Une gigantesque université devait être construite non loin des rives de l’Ill.
Pour l’empereur Guillaume II, l’institution représenterait sa puissance
indéniable. Pour le monde allemand, le bâtiment symboliserait la prééminence
de Germania sur Marianne. Pour tous les architectes enfin, c’était
probablement le concours le plus ambitieux et le plus périlleux de l’année
1879.
Ce mardi-là, la nuit avait commencé tôt. A moins que ce ne fût le jour qui
jamais ne s’était arrêté. Le dossier devait être rendu à midi, le lendemain. Otto
Warth avait presque achevé les plans. L’architecte qui, il y a quelques années
encore, avait aussi usé ses culottes sur les bancs de l’université, connaissait
parfaitement les besoins et les usages des étudiants. Son projet était précis et
fonctionnel. En revanche, la façade lui posait problème. Von Eggert,
l’architecte en titre de la rénovation urbaine avait déjà émis une proposition,
laquelle avait été balayée d’un revers de la main par Guillaume II. Mais
personne ne parvenait à comprendre les motivations du refus impérial.
Trouvait-il la façade d’Eggert trop chargée ? Sa propension, pourtant, pour
l’ostentatoire était de notoriété publique ! La trouvait-il peu éloquente ? Laide,
peut-être ? Pendant qu’Otto Warth se perdait en conjectures, aucune idée ne
venait le visiter, aussi mauvaise soit-elle, pour cette sacrée, ou plutôt non,
pour cette maudite façade. Seule une très grande lassitude lui tenait
compagnie.
C’est alors que, dans le jour naissant, la Portinari vint à sa rencontre. Vêtue de
sa robe de velours, elle longeait la rive de l’Arno. L’ourlet de son lourd
vêtement, en glissant sur les pavés de porphyre, les polissait quasi
silencieusement. Cette très noble dame, comme Dante aimait à la désigner,
n’avait pas d’âge. Les événements n’avaient plus de date. Soudain, Béatrice
arrêta sa marche. Otto Warth cligna des yeux. Il crut qu’elle le saluait. En
réalité, elle désignait de sa main droite le Palais des Offices, sur l’autre rive.

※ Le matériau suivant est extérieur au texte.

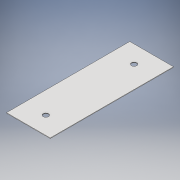
# Autodesk Inventor part: Molex Flexible GNSS Antenna
Saved by Autodesk Inventor 2019 (Build 230136000, 136)
## iProperties
Created: 2020-08-03
Part Number: Molex Flexible GNSS Antenna
Material: Generic
Document SubType Name: Modeling
Designer: james
Density: 1 g/cm^3
Appearance: Default(1)
Author: james
Autodesk Inventor part; units mm, degrees
ref_plane "YZ Plane" through (0, 0, 0) normal (1, 0, 0) x (0, 1, 0)
ref_plane "XZ Plane" through (0, 0, 0) normal (0, 1, 0) x (-1, 0, 0)
ref_plane "XY Plane" through (0, 0, 0) normal (0, 0, 1) x (1, 0, 0)
sketch "Sketch1" plane through (0, 0, 0) normal (0, 1, 0) x (-1, 0, 0)
  line L0 (19.7747, 24.136) -> (-0.2253, 24.136)
  line L1 (-0.2253, 24.136) -> (-0.2253, -32.264)
  line L2 (-0.2253, -32.264) -> (19.7747, -32.264)
  line L3 (19.7747, -32.264) -> (19.7747, 24.136)
  point P0 (0, 0)
  dimension "d0" = 56.4
  dimension "d1" = 20
  constraints: 8 end point, 2 parallel, 1 horizontal, 1 perpendicular
  measures "d0" distance of L2.end L0.start
  measures "d1" distance of L0.start L0.end
extrude "Extrusion1" add sketch "Sketch1" along normal blind 0.254
sketch "Sketch2" plane through (0, 0.254, 0) normal (0, 1, 0) x (1, 0, 0)
  line L0 (-19.7747, 32.264) -> (-19.7747, -24.136) projected
  line L1 (-19.7747, -24.136) -> (0.2253, -24.136) projected
  line L2 (0.2253, 32.264) -> (-19.7747, 32.264) projected
  point P0 (0, 0)
  point P1 (-9.7747, -16.136)
  point P2 (-9.7747, 24.264)
  dimension "d4" = 10
  dimension "d5" = 0
  dimension "d6" = 8
  dimension "d7" = 8
  measures "d4" distance from line of L0 point (-9.775, -16.136)
  measures "d5" horizontal distance of point (-9.775, 24.264) point (-9.775, -16.136)
  measures "d6" distance from line of L1 point (-9.775, -16.136)
  measures "d7" distance from line of L2 point (-9.775, 24.264)
hole "Hole1" at (-9.7747, 0.254, 16.136) at (-9.7747, 0.254, -24.264) direction (0, -1, 0) diameter 2.4638 end through all
body "Solid1"
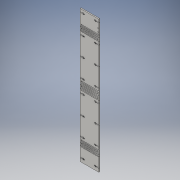
# Autodesk Inventor part: Long_Boi
Saved by Autodesk Inventor 2016 (Build 200138000, 138)
## iProperties
Created: 2018-10-01
Part Number: Long_Boi
Material: Generic
Document SubType Name: Modeling
Designer: Student
Density: 1 g/cm^3
Appearance: Default
Author: Student
Autodesk Inventor part; units mm, degrees
ref_plane "YZ Plane" through (0, 0, 0) normal (1, 0, 0) x (0, 1, 0)
ref_plane "XZ Plane" through (0, 0, 0) normal (0, 1, 0) x (-1, 0, 0)
ref_plane "XY Plane" through (0, 0, 0) normal (0, 0, 1) x (1, 0, 0)
sketch "Sketch1" plane through (0, 0, 0) normal (0, 0, 1) x (1, 0, 0)
  line L0 (3.81, 385.2007) -> (72.136, 385.2007)
  line L1 (10.8458, 155.7751) -> (0, 155.7751)
  line L2 (0, 155.7751) -> (10.8458, 155.7751)
  line L3 (13.3947, 157.3499) -> (10.8458, 157.3499)
  line L4 (10.8458, 155.7751) -> (10.8458, 157.3499)
  line L5 (10.8458, 157.3499) -> (13.3947, 157.3499)
  line L6 (13.3947, 157.3499) -> (13.3947, 155.7751)
  line L7 (18.278, 155.7751) -> (13.3947, 155.7751)
  line L8 (13.3947, 155.7751) -> (18.278, 155.7751)
  line L9 (18.278, 155.7751) -> (18.278, 153.2351)
  line L10 (18.278, 155.7751) -> (18.278, 153.2351)
  line L11 (13.3947, 151.6603) -> (13.3947, 153.2351)
  line L12 (18.278, 153.2351) -> (13.3947, 153.2351)
  line L13 (13.3947, 153.2351) -> (13.3947, 151.6603)
  line L14 (13.3947, 151.6603) -> (10.8458, 151.6603)
  line L15 (13.3947, 151.6603) -> (10.8458, 151.6603)
  line L16 (10.8458, 153.2351) -> (10.8458, 151.6603)
  line L17 (10.8458, 151.6603) -> (10.8458, 153.2351)
  line L18 (10.8458, 153.2351) -> (0, 153.2351)
  line L19 (0, 83.6025) -> (10.8458, 83.6025)
  line L20 (13.3947, 85.1773) -> (10.8458, 85.1773)
  line L21 (10.8458, 83.6025) -> (10.8458, 85.1773)
  line L22 (10.8458, 85.1773) -> (13.3947, 85.1773)
  line L23 (13.3947, 83.6025) -> (13.3947, 85.1773)
  line L24 (13.3947, 85.1773) -> (13.3947, 83.6025)
  line L25 (18.278, 83.6025) -> (13.3947, 83.6025)
  line L26 (13.3947, 83.6025) -> (18.278, 83.6025)
  line L27 (18.278, 83.6025) -> (18.278, 81.0625)
  line L28 (18.278, 83.6025) -> (18.278, 81.0625)
  line L29 (13.3947, 81.0625) -> (18.278, 81.0625)
  line L30 (18.278, 81.0625) -> (13.3947, 81.0625)
  line L31 (13.3947, 79.4877) -> (13.3947, 81.0625)
  line L32 (13.3947, 81.0625) -> (13.3947, 79.4877)
  line L33 (10.8458, 79.4877) -> (13.3947, 79.4877)
  line L34 (13.3947, 79.4877) -> (10.8458, 79.4877)
  line L35 (10.8458, 79.4877) -> (10.8458, 81.0625)
  line L36 (10.8458, 79.4877) -> (10.8458, 81.0625)
  line L37 (10.8458, 81.0625) -> (0, 81.0625)
  line L38 (10.8458, 8.89) -> (10.8458, 7.3152)
  line L39 (0, 8.89) -> (10.8458, 8.89)
  line L40 (10.8458, 8.89) -> (10.8458, 7.3152)
  line L41 (10.8458, 7.3152) -> (13.3947, 7.3152)
  line L42 (18.278, 8.89) -> (13.3947, 8.89)
  line L43 (13.3947, 8.89) -> (18.278, 8.89)
  line L44 (18.278, 11.43) -> (18.278, 8.89)
  line L45 (18.278, 8.89) -> (18.278, 11.43)
  line L46 (18.278, 11.43) -> (13.3947, 11.43)
  line L47 (13.3947, 11.43) -> (13.3947, 13.0048)
  line L48 (13.3947, 11.43) -> (13.3947, 13.0048)
  line L49 (13.3947, 13.0048) -> (10.8458, 13.0048)
  line L50 (10.8458, 13.0048) -> (10.8458, 11.43)
  line L51 (72.136, 8.89) -> (61.2902, 8.89)
  line L52 (72.136, 8.89) -> (61.2902, 8.89)
  line L53 (58.7413, 7.3152) -> (61.2902, 7.3152)
  line L54 (61.2902, 8.89) -> (61.2902, 7.3152)
  line L55 (61.2902, 7.3152) -> (58.7413, 7.3152)
  line L56 (58.7413, 8.89) -> (58.7413, 7.3152)
  line L57 (58.7413, 7.3152) -> (58.7413, 8.89)
  line L58 (53.858, 8.89) -> (53.858, 11.43)
  line L59 (58.7413, 8.89) -> (53.858, 8.89)
  line L60 (53.858, 8.89) -> (53.858, 11.43)
  line L61 (53.858, 11.43) -> (58.7413, 11.43)
  line L62 (53.858, 11.43) -> (58.7413, 11.43)
  line L63 (58.7413, 11.43) -> (58.7413, 13.0048)
  line L64 (58.7413, 11.43) -> (58.7413, 13.0048)
  line L65 (58.7413, 13.0048) -> (61.2902, 13.0048)
  line L66 (58.7413, 13.0048) -> (61.2902, 13.0048)
  line L67 (61.2902, 13.0048) -> (61.2902, 11.43)
  line L68 (61.2902, 13.0048) -> (61.2902, 11.43)
  line L69 (61.2902, 11.43) -> (72.136, 11.43)
  line L70 (61.2902, 81.0625) -> (61.2902, 79.4877)
  line L71 (72.136, 81.0625) -> (61.2902, 81.0625)
  line L72 (61.2902, 81.0625) -> (61.2902, 79.4877)
  line L73 (58.7413, 81.0625) -> (58.7413, 79.4877)
  line L74 (61.2902, 79.4877) -> (58.7413, 79.4877)
  line L75 (58.7413, 79.4877) -> (58.7413, 81.0625)
  line L76 (53.858, 81.0625) -> (53.858, 83.6025)
  line L77 (58.7413, 81.0625) -> (53.858, 81.0625)
  line L78 (53.858, 81.0625) -> (53.858, 83.6025)
  line L79 (53.858, 83.6025) -> (58.7413, 83.6025)
  line L80 (53.858, 83.6025) -> (58.7413, 83.6025)
  line L81 (58.7413, 85.1773) -> (58.7413, 83.6025)
  line L82 (58.7413, 83.6025) -> (58.7413, 85.1773)
  line L83 (61.2902, 85.1773) -> (58.7413, 85.1773)
  line L84 (58.7413, 85.1773) -> (61.2902, 85.1773)
  line L85 (61.2902, 83.6025) -> (61.2902, 85.1773)
  line L86 (61.2902, 85.1773) -> (61.2902, 83.6025)
  line L87 (61.2902, 83.6025) -> (72.136, 83.6025)
  line L88 (61.2902, 153.2351) -> (72.136, 153.2351)
  line L89 (72.136, 153.2351) -> (61.2902, 153.2351)
  line L90 (61.2902, 151.6603) -> (61.2902, 153.2351)
  line L91 (61.2902, 153.2351) -> (61.2902, 151.6603)
  line L92 (58.7413, 151.6603) -> (61.2902, 151.6603)
  line L93 (61.2902, 151.6603) -> (58.7413, 151.6603)
  line L94 (58.7413, 151.6603) -> (58.7413, 153.2351)
  line L95 (58.7413, 151.6603) -> (58.7413, 153.2351)
  line L96 (53.858, 155.7751) -> (53.858, 153.2351)
  line L97 (58.7413, 153.2351) -> (53.858, 153.2351)
  line L98 (53.858, 153.2351) -> (53.858, 155.7751)
  line L99 (58.7413, 155.7751) -> (53.858, 155.7751)
  line L100 (53.858, 155.7751) -> (58.7413, 155.7751)
  line L101 (61.2902, 157.3499) -> (58.7413, 157.3499)
  line L102 (58.7413, 155.7751) -> (58.7413, 157.3499)
  line L103 (58.7413, 157.3499) -> (61.2902, 157.3499)
  line L104 (72.136, 155.7751) -> (61.2902, 155.7751)
  line L105 (61.2902, 157.3499) -> (61.2902, 155.7751)
  line L106 (61.2902, 155.7751) -> (72.136, 155.7751)
  line L107 (10.8458, 7.3152) -> (13.3947, 7.3152)
  line L108 (13.3947, 7.3152) -> (13.3947, 8.89)
  line L109 (10.8458, 11.43) -> (0, 11.43)
  line L110 (10.8458, 11.43) -> (0, 11.43)
  line L111 (3.81, 0) -> (72.136, 0)
  line L112 (10.8458, 196.6002) -> (18.5928, 196.6002) construction
  line L113 (0, 204.3472) -> (10.8458, 204.3472)
  line L114 (10.8458, 204.3472) -> (10.8458, 202.7724)
  line L115 (10.8458, 202.7724) -> (13.3858, 202.7724)
  line L116 (13.3858, 202.7724) -> (13.3858, 204.3472)
  line L117 (13.3858, 204.3472) -> (18.2626, 204.3472)
  line L118 (18.2626, 204.3472) -> (18.2626, 206.8872)
  line L119 (18.2626, 206.8872) -> (13.3858, 206.8872)
  line L120 (13.3858, 206.8872) -> (13.3858, 208.462)
  line L121 (13.3858, 208.462) -> (10.8458, 208.462)
  line L122 (10.8458, 208.462) -> (10.8458, 206.8872)
  line L123 (0, 206.8872) -> (10.8458, 206.8872)
  line L124 (0, 276.5086) -> (10.8458, 276.5086)
  line L125 (10.8458, 276.5086) -> (10.8458, 274.9338)
  line L126 (10.8458, 274.9338) -> (13.3858, 274.9338)
  line L127 (13.3858, 274.9338) -> (13.3858, 276.5086)
  line L128 (13.3858, 276.5086) -> (18.2626, 276.5086)
  line L129 (18.2626, 276.5086) -> (18.2626, 279.0486)
  line L130 (18.2626, 279.0486) -> (13.3858, 279.0486)
  line L131 (13.3858, 279.0486) -> (13.3858, 280.6234)
  line L132 (13.3858, 280.6234) -> (10.8458, 280.6234)
  line L133 (10.8458, 280.6234) -> (10.8458, 279.0486)
  line L134 (10.8458, 279.0486) -> (0, 279.0486)
  line L135 (72.136, 276.5086) -> (61.2648, 276.5086)
  line L136 (61.2648, 276.5086) -> (61.2648, 274.9338)
  line L137 (61.2648, 274.9338) -> (58.7248, 274.9338)
  line L138 (58.7248, 274.9338) -> (58.7248, 276.5086)
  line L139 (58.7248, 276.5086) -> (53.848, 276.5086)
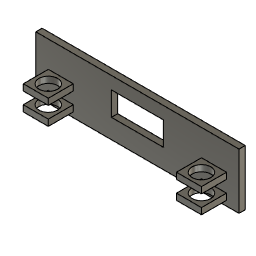
espmount (Autodesk Fusion 360 design; units mm, degrees)
Autodesk Fusion 360 part; units mm, degrees
sketch "Sketch1" plane through (0, 0, 0) normal (0, 1, 0) x (1, 0, 0)
  line L0 (2, -3.5) -> (30.5, -3.5)
  line L1 (30.5, -3.5) -> (30.5, -2)
  line L2 (30.5, -2) -> (2, -2)
  line L3 (2, -2) -> (2, -3.5)
  line L4 (12.5, -3.5) -> (20, -3.5)
  line L5 (20, -3.5) -> (20, -6.5)
  line L6 (20, -6.5) -> (12.5, -6.5)
  line L7 (12.5, -6.5) -> (12.5, -3.5)
  line L8 (12.1, -6.9) -> (20.4, -6.9)
  line L9 (20.4, -6.9) -> (20.4, -3.1)
  line L10 (20.4, -3.1) -> (12.1, -3.1)
  line L11 (12.1, -3.1) -> (12.1, -6.9)
  line L12 (0, -8.9) -> (32.5, -8.9)
  line L13 (32.5, -8.9) -> (32.5, 0)
  line L14 (32.5, 0) -> (0, 0)
  line L15 (0, 0) -> (0, -8.9)
  line L16 (30.5, -3.7) -> (26.5, -3.7)
  line L17 (26.5, -3.7) -> (26.5, -4.7)
  line L18 (26.5, -4.7) -> (30.5, -4.7)
  line L19 (30.5, -4.7) -> (30.5, -3.7)
  line L20 (26.5, -1.8) -> (30.5, -1.8)
  line L21 (30.5, -1.8) -> (30.5, -0.8)
  line L22 (30.5, -0.8) -> (26.5, -0.8)
  line L23 (26.5, -0.8) -> (26.5, -1.8)
  line L24 (2, -4.7) -> (6, -4.7)
  line L25 (6, -4.7) -> (6, -3.7)
  line L26 (6, -3.7) -> (2, -3.7)
  line L27 (2, -3.7) -> (2, -4.7)
  line L28 (2, -1.8) -> (6, -1.8)
  line L29 (6, -1.8) -> (6, -0.8)
  line L30 (6, -0.8) -> (2, -0.8)
  line L31 (2, -0.8) -> (2, -1.8)
  dimension "d1" = 28.5
  dimension "d2" = 1.5
  dimension "d3" = 7.5
  dimension "d4" = 3
  dimension "d5" = 10.5
  dimension "d6" = 0.4
  dimension "d7" = 0.4
  dimension "d8" = 0.4
  dimension "d9" = 0.4
  dimension "d10" = 2
  dimension "d11" = 2
  dimension "d12" = 2
  dimension "d13" = 2
  dimension "d30" = 4
  dimension "d31" = 1
  dimension "d32" = 0.2
  dimension "d33" = 4
  dimension "d34" = 4
  dimension "d35" = 1
  dimension "d36" = 0.2
  dimension "d37" = 4
  dimension "d38" = 4
  dimension "d39" = 1
  dimension "d40" = 4
  dimension "d41" = 1
  dimension "d42" = 4
  dimension "d43" = 4
  dimension "d44" = 0.2
  dimension "d45" = 0.2
  constraint horizontal L0
  constraint vertical L1
  constraint horizontal L2
  constraint vertical L3
  constraint horizontal L4
  constraint vertical L5
  constraint horizontal L6
  constraint vertical L7
  constraint coincident L0 L4.start
  constraint horizontal L8
  constraint vertical L9
  constraint horizontal L10
  constraint vertical L11
  constraint horizontal L12
  constraint vertical L13
  constraint horizontal L14
  constraint vertical L15
  constraint horizontal L16
  constraint vertical L17
  constraint horizontal L18
  constraint vertical L19
  constraint horizontal L20
  constraint vertical L21
  constraint horizontal L22
  constraint vertical L23
  constraint horizontal L24
  constraint vertical L25
  constraint horizontal L26
  constraint vertical L27
  constraint horizontal L28
  constraint vertical L29
  constraint horizontal L30
  constraint vertical L31
  constraint coincident L14.end L15.start
  measures "d1" distance of L0.start L0.end
  measures "d2" distance of L0.start L2.end
  measures "d3" distance of L4.start L4.end
  measures "d4" distance of L4.start L6.end
  measures "d5" distance of L3 L7
  measures "d6" distance of L5 L9
  measures "d7" distance of L7 L11
  measures "d8" distance of L6 L8
  measures "d9" distance of L0 L10
  measures "d10" distance of L8 L12
  measures "d11" distance of L2 L14
  measures "d12" distance of L1 L13
  measures "d13" distance of L3 L15
  measures "d30" distance of L16.start L16.end
  measures "d31" distance of L16.start L18.end
  measures "d32" distance of L0 L16
  measures "d33" distance of L1 L17
  measures "d34" distance of L20.start L20.end
  measures "d35" distance of L20.start L22.end
  measures "d36" distance of L2 L20
  measures "d37" distance of L1 L23
  measures "d38" distance of L24.start L24.end
  measures "d39" distance of L24.start L26.end
  measures "d40" distance of L28.start L28.end
  measures "d41" distance of L28.start L30.end
  measures "d42" distance of L3 L29
  measures "d43" distance of L3 L25
  measures "d44" distance of L0 L26
  measures "d45" distance of L2 L28
extrude "Extrude1" add sketch "Sketch1" along normal blind 2 contours L0 L1 L2 L3 L9 L10 L11 | L12 L13 L14 L15 | L16 L17 L18 L19 | L20 L21 L22 L23 | L24 L25 L26 L27 | L28 L29 L30 L31
extrude "Extrude4" cut 1 faces at (28.4667, 2, 4.1333) along direction (0, -1, 0) blind 1
extrude "Extrude5" add sketch "Sketch1" against normal blind 4 contours L16 L17 L18 L19 | L20 L21 L22 L23 | L24 L25 L26 L27 | L28 L29 L30 L31
sketch "Sketch3" plane through (0, 0, 4.7) normal (0, 0, 1) x (-1, 0, 0)
  line L0 (-6, 0) -> (-2, 0)
  line L1 (-2, 0) -> (-2, 4)
  line L2 (-2, 4) -> (-6, 4)
  line L3 (-6, 4) -> (-6, 0)
  circle A0 centre (-4, 2) radius 1.5
  circle A1 centre (-28.5, 2) radius 1.5
  dimension "d50" = 3
  dimension "d51" = 3
  measures "d50" diameter of A0
  measures "d51" diameter of A1
extrude "Extrude6" cut sketch "Sketch3" against normal blind 8 contours A0 | A1
equation "d5 = ( 21 / 2 ) * 1 mm"

Bien sûr, ces grandes fenêtres, ces colonnes, cette taille de pierre si
majestueuse et sauvage à la fois ! Le génie de Vasari s’empara d’Otto tout
entier et celui-ci se sentit défaillir.
L’arête du crayon avait imprimé une marque disgracieuse sur sa joue. Un peu
de bave avait aussi coulé sur le papier. Il l’essuya avec sa manche tentant de
reprendre ses esprits. Un coup d’œil sur sa montre-gousset, il était dix heures.
Otto empoigna fermement son crayon et dessina d’un seul trait la façade du
palais universitaire. Manquant de trébucher au seuil du palais de
l’administration, il déposa la liasse de documents sur le bureau du préposé. Il
était 11H55. Une vie nouvelle allait commencer.